» **SOURCE DATA**
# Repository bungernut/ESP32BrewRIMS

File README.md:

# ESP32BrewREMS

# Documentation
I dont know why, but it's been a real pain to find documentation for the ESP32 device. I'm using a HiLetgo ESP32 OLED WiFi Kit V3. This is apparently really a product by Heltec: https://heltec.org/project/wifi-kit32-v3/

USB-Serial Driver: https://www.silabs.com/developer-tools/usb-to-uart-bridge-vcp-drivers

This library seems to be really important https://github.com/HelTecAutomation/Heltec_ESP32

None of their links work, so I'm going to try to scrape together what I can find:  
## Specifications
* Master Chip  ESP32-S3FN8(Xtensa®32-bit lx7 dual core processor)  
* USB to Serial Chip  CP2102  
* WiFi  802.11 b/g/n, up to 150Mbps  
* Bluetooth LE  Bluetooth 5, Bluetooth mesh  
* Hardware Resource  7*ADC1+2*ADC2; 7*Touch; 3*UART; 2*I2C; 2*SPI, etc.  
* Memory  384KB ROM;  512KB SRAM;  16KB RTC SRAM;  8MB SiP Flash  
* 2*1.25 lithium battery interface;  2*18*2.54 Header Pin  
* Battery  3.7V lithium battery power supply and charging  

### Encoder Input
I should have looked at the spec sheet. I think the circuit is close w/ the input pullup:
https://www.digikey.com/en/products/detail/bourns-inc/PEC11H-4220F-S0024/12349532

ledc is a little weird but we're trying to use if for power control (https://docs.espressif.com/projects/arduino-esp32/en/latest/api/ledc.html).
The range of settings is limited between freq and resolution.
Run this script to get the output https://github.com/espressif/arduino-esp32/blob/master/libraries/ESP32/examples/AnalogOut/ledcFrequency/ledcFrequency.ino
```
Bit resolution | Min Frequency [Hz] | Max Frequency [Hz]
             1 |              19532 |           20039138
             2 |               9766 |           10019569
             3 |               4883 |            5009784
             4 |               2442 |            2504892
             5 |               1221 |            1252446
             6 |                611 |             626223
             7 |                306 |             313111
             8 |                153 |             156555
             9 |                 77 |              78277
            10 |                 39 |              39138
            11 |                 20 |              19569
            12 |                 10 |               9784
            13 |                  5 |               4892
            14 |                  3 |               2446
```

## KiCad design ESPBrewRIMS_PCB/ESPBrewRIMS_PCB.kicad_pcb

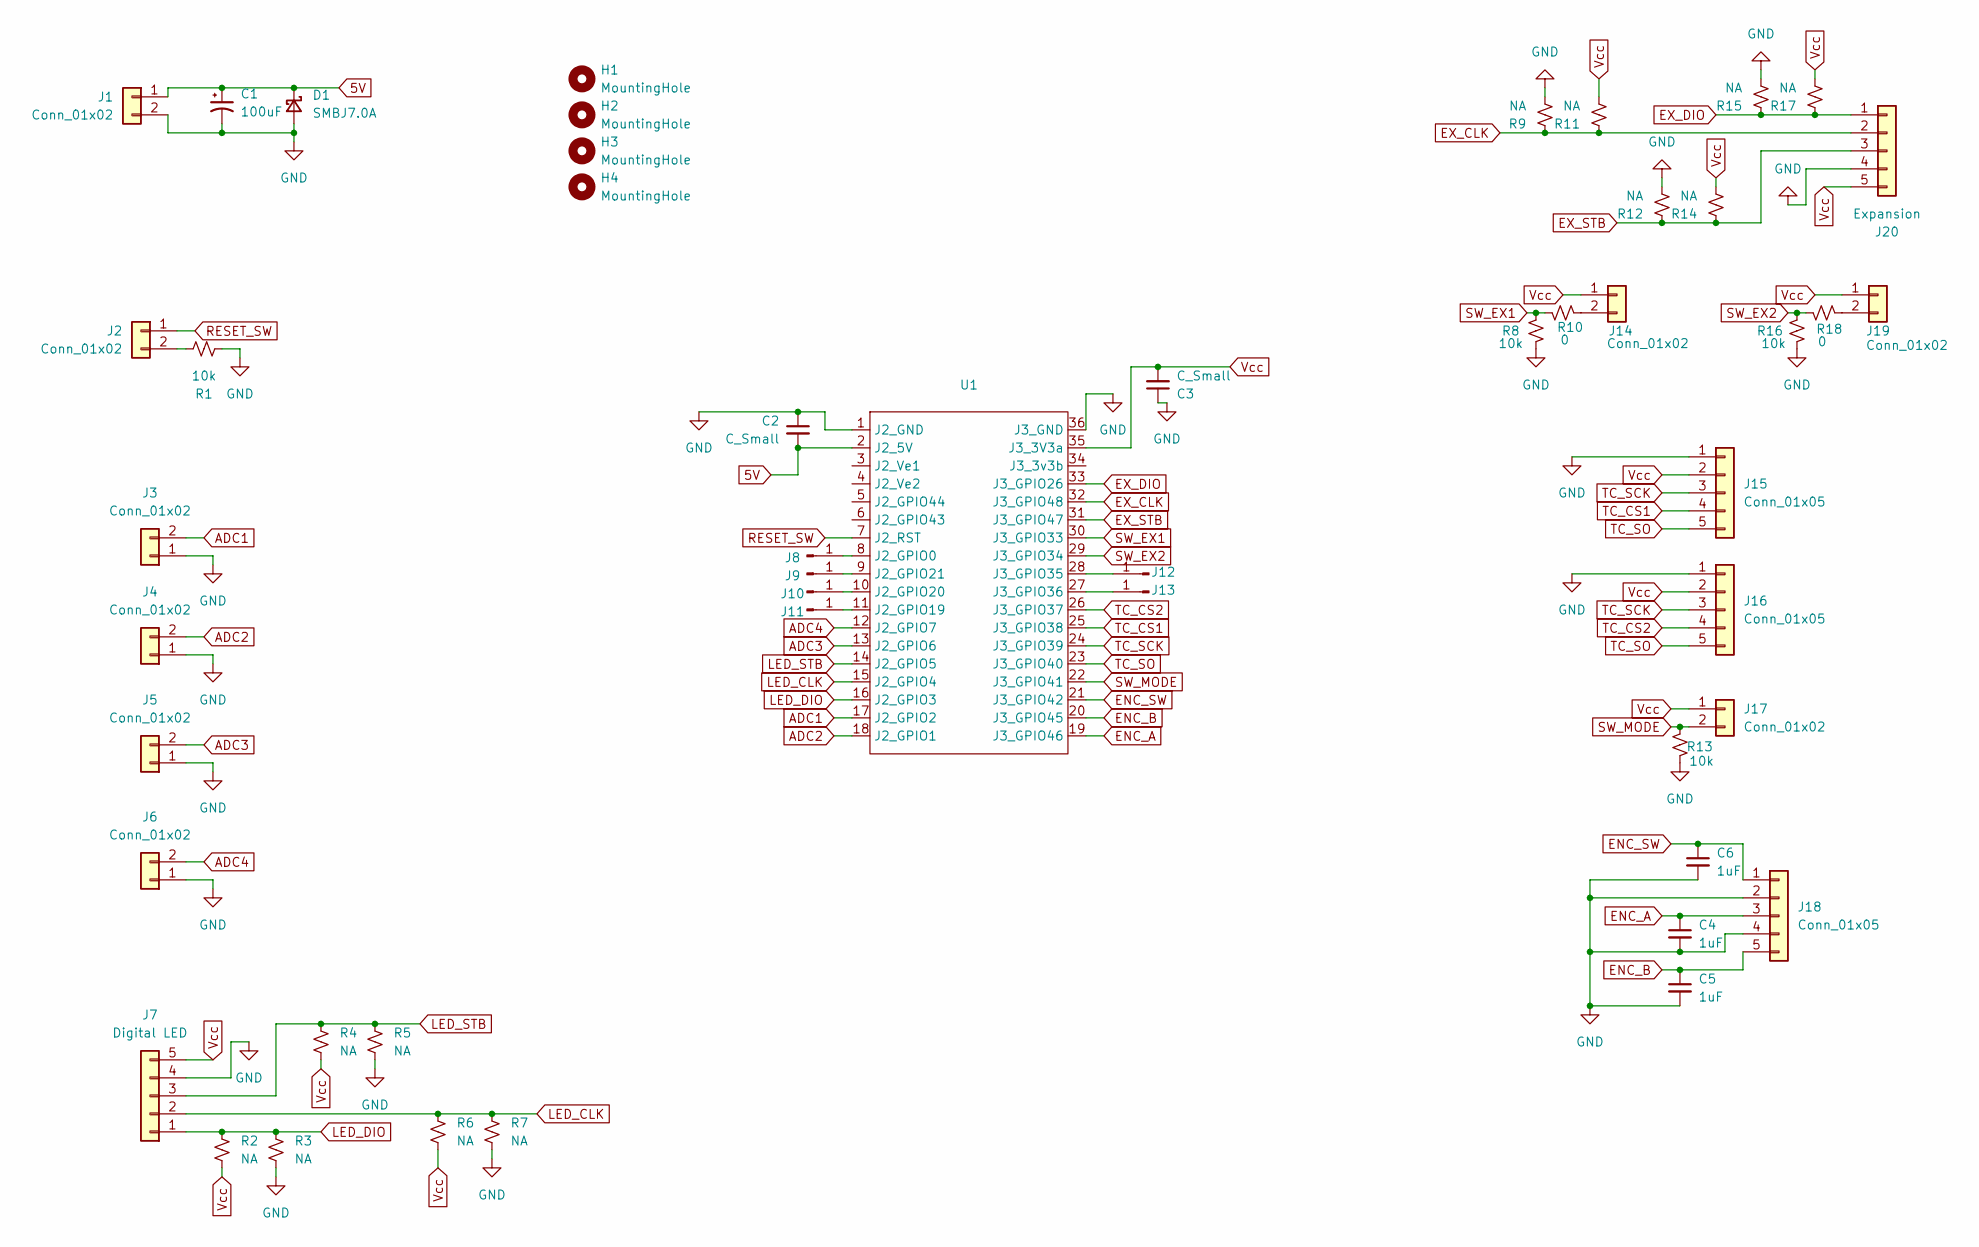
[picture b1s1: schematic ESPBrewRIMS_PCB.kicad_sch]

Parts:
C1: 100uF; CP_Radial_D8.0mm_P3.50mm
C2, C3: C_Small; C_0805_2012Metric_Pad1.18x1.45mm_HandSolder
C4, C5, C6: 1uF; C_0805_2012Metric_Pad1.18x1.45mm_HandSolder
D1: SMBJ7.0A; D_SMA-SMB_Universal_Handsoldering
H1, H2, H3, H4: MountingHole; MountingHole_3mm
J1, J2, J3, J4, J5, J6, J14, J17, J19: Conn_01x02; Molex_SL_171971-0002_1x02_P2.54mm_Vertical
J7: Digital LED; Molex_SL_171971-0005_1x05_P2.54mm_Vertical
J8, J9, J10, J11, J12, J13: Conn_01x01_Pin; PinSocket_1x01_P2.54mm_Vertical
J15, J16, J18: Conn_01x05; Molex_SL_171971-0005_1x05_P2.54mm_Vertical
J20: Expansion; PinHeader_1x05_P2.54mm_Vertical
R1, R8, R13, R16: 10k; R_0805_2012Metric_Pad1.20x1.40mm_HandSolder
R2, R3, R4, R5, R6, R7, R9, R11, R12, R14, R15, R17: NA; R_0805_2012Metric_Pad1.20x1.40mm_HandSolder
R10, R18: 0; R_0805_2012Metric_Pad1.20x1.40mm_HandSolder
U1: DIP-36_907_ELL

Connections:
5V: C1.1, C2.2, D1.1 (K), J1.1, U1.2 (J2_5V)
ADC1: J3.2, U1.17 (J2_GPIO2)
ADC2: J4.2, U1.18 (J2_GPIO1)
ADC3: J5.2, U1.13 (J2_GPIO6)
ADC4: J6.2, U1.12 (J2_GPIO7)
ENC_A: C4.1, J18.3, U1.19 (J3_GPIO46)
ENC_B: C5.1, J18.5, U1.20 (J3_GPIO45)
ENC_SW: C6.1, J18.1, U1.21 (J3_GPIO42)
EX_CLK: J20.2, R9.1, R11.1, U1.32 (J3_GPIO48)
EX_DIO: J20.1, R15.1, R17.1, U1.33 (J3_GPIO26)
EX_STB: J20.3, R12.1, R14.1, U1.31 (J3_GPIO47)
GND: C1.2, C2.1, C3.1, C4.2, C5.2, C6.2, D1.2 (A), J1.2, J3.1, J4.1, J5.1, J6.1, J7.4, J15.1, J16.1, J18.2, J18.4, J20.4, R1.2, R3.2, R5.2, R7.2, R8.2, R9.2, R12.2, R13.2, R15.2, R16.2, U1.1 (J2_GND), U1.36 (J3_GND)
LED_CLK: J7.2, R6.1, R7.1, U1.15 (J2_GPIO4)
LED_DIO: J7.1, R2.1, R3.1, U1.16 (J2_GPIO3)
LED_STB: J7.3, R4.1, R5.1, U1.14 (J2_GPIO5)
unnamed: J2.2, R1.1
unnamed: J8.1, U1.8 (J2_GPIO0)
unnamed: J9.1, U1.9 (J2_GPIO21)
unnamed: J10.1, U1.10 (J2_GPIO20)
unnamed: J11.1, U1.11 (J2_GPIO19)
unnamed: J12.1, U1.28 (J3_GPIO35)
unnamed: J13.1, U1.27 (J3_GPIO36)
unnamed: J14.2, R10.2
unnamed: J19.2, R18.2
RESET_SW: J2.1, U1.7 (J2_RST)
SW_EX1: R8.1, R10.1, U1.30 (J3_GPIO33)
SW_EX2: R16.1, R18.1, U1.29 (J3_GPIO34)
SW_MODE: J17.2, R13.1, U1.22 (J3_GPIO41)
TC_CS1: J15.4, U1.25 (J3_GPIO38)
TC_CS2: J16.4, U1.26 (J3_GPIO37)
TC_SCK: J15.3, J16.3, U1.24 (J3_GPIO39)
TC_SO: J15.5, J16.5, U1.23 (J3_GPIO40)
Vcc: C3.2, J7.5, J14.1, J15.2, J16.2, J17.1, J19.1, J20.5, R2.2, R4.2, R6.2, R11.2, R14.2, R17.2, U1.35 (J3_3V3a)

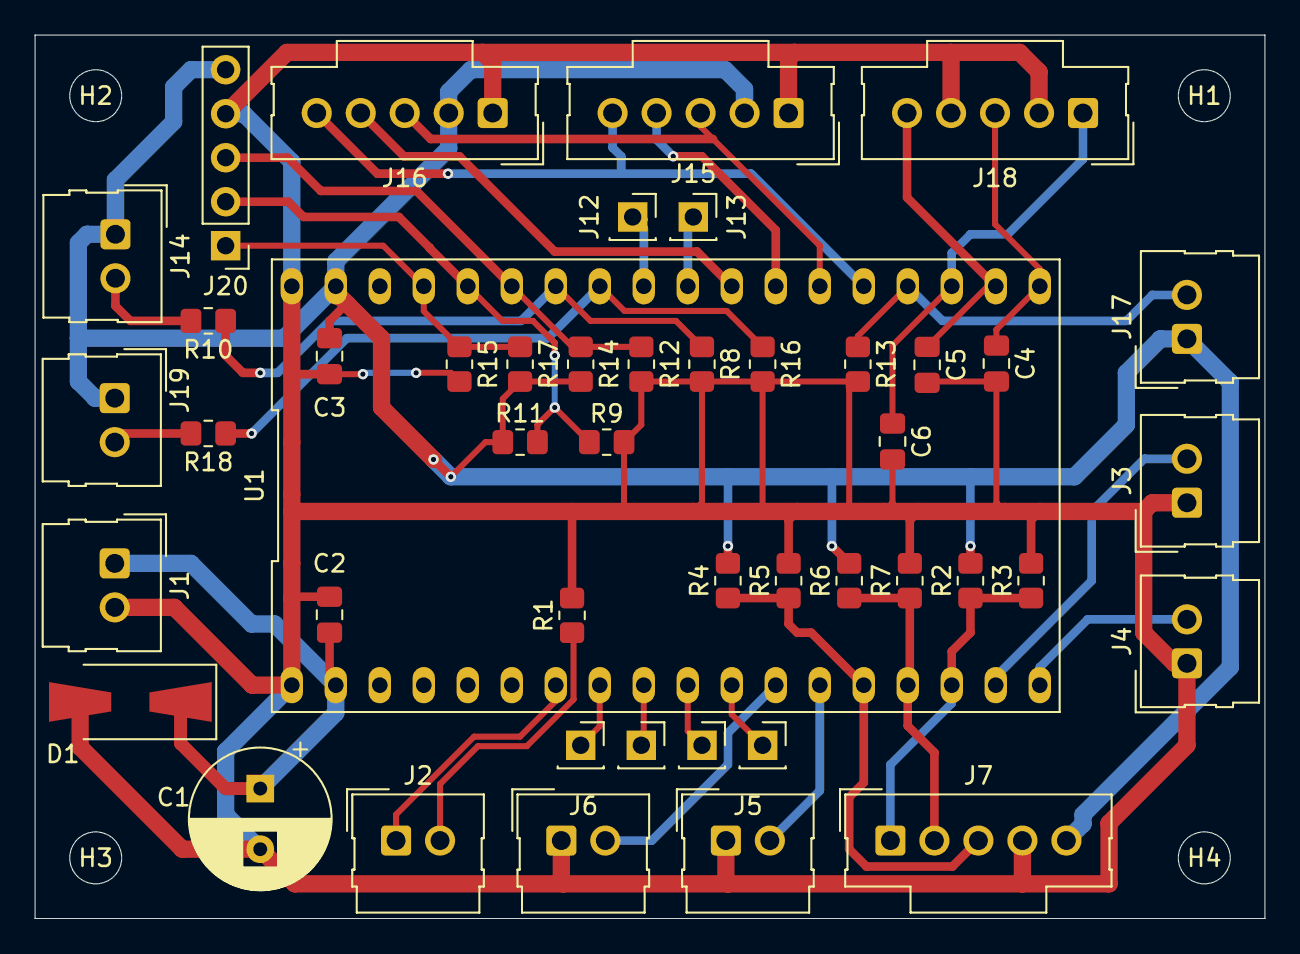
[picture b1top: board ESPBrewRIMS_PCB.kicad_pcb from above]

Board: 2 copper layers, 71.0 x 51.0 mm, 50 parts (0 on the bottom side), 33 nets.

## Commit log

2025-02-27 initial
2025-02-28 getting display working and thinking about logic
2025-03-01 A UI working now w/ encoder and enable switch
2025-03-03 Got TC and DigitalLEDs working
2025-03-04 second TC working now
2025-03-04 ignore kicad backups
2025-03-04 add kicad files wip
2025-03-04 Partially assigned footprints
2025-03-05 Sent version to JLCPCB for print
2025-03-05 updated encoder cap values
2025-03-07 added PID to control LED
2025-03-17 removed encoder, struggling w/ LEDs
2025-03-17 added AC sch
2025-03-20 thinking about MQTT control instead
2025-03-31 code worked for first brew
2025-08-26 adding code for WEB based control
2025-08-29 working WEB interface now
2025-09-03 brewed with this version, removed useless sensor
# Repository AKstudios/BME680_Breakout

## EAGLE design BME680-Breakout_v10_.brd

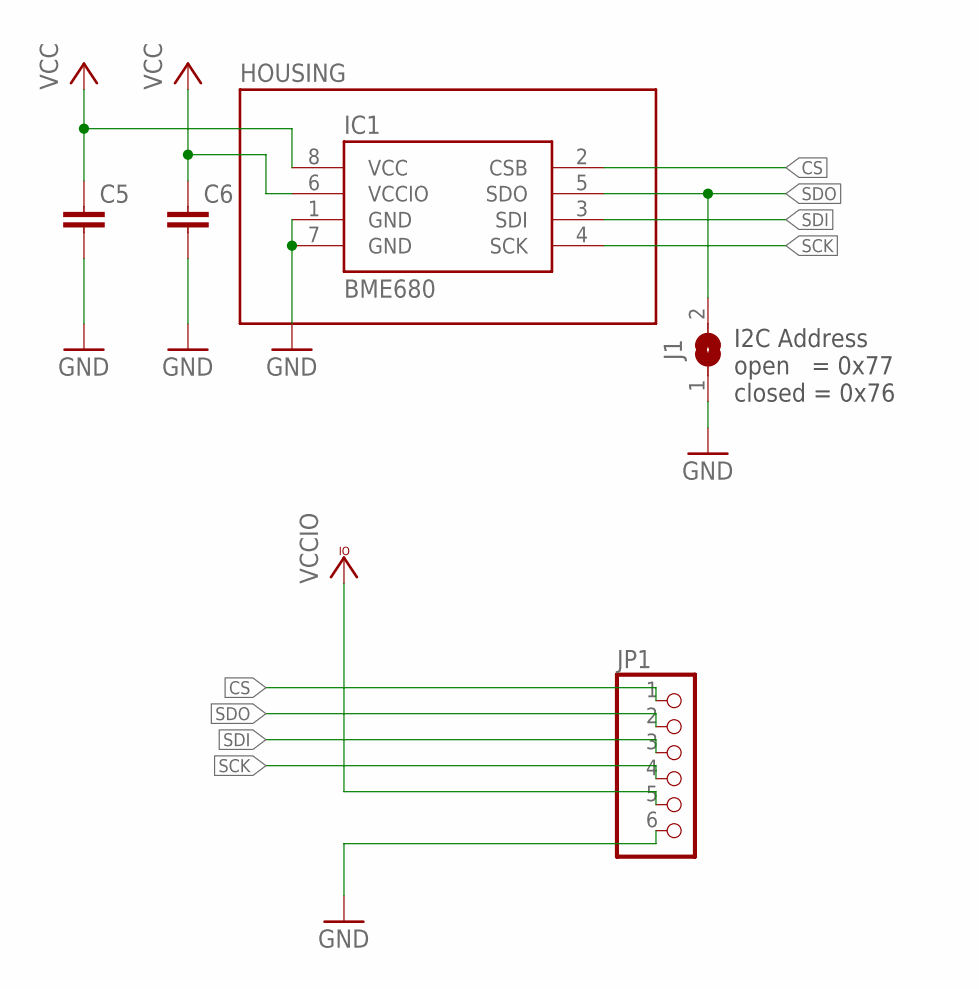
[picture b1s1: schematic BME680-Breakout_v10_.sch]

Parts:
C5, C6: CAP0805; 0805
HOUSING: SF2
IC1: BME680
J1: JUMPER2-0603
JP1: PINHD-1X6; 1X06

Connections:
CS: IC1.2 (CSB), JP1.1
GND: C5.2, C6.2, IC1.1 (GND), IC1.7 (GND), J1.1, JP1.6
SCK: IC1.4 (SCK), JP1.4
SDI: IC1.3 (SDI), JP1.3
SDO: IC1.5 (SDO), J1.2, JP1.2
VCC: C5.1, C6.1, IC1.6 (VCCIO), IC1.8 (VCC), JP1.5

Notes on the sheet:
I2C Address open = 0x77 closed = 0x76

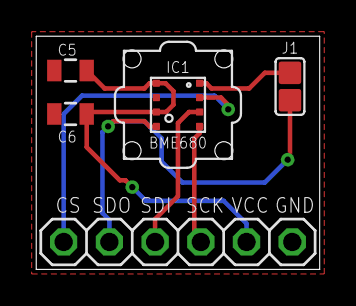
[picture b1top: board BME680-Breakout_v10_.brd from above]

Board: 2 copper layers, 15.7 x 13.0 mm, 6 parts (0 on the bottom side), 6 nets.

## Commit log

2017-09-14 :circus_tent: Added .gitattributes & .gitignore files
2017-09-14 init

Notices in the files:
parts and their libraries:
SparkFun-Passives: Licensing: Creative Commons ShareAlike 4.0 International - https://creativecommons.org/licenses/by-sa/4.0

» **WHAT YOU NEED TO DO**
Copy out, word for word, the part of the entries above that begins at the line with "2025-03-04 second TC working now" and ends at the line with "# Repository AKstudios/BME680_Breakout", including both.

» **SOLVED EXERCISE**
2025-03-04 second TC working now
2025-03-04 ignore kicad backups
2025-03-04 add kicad files wip
2025-03-04 Partially assigned footprints
2025-03-05 Sent version to JLCPCB for print
2025-03-05 updated encoder cap values
2025-03-07 added PID to control LED
2025-03-17 removed encoder, struggling w/ LEDs
2025-03-17 added AC sch
2025-03-20 thinking about MQTT control instead
2025-03-31 code worked for first brew
2025-08-26 adding code for WEB based control
2025-08-29 working WEB interface now
2025-09-03 brewed with this version, removed useless sensor
# Repository AKstudios/BME680_Breakout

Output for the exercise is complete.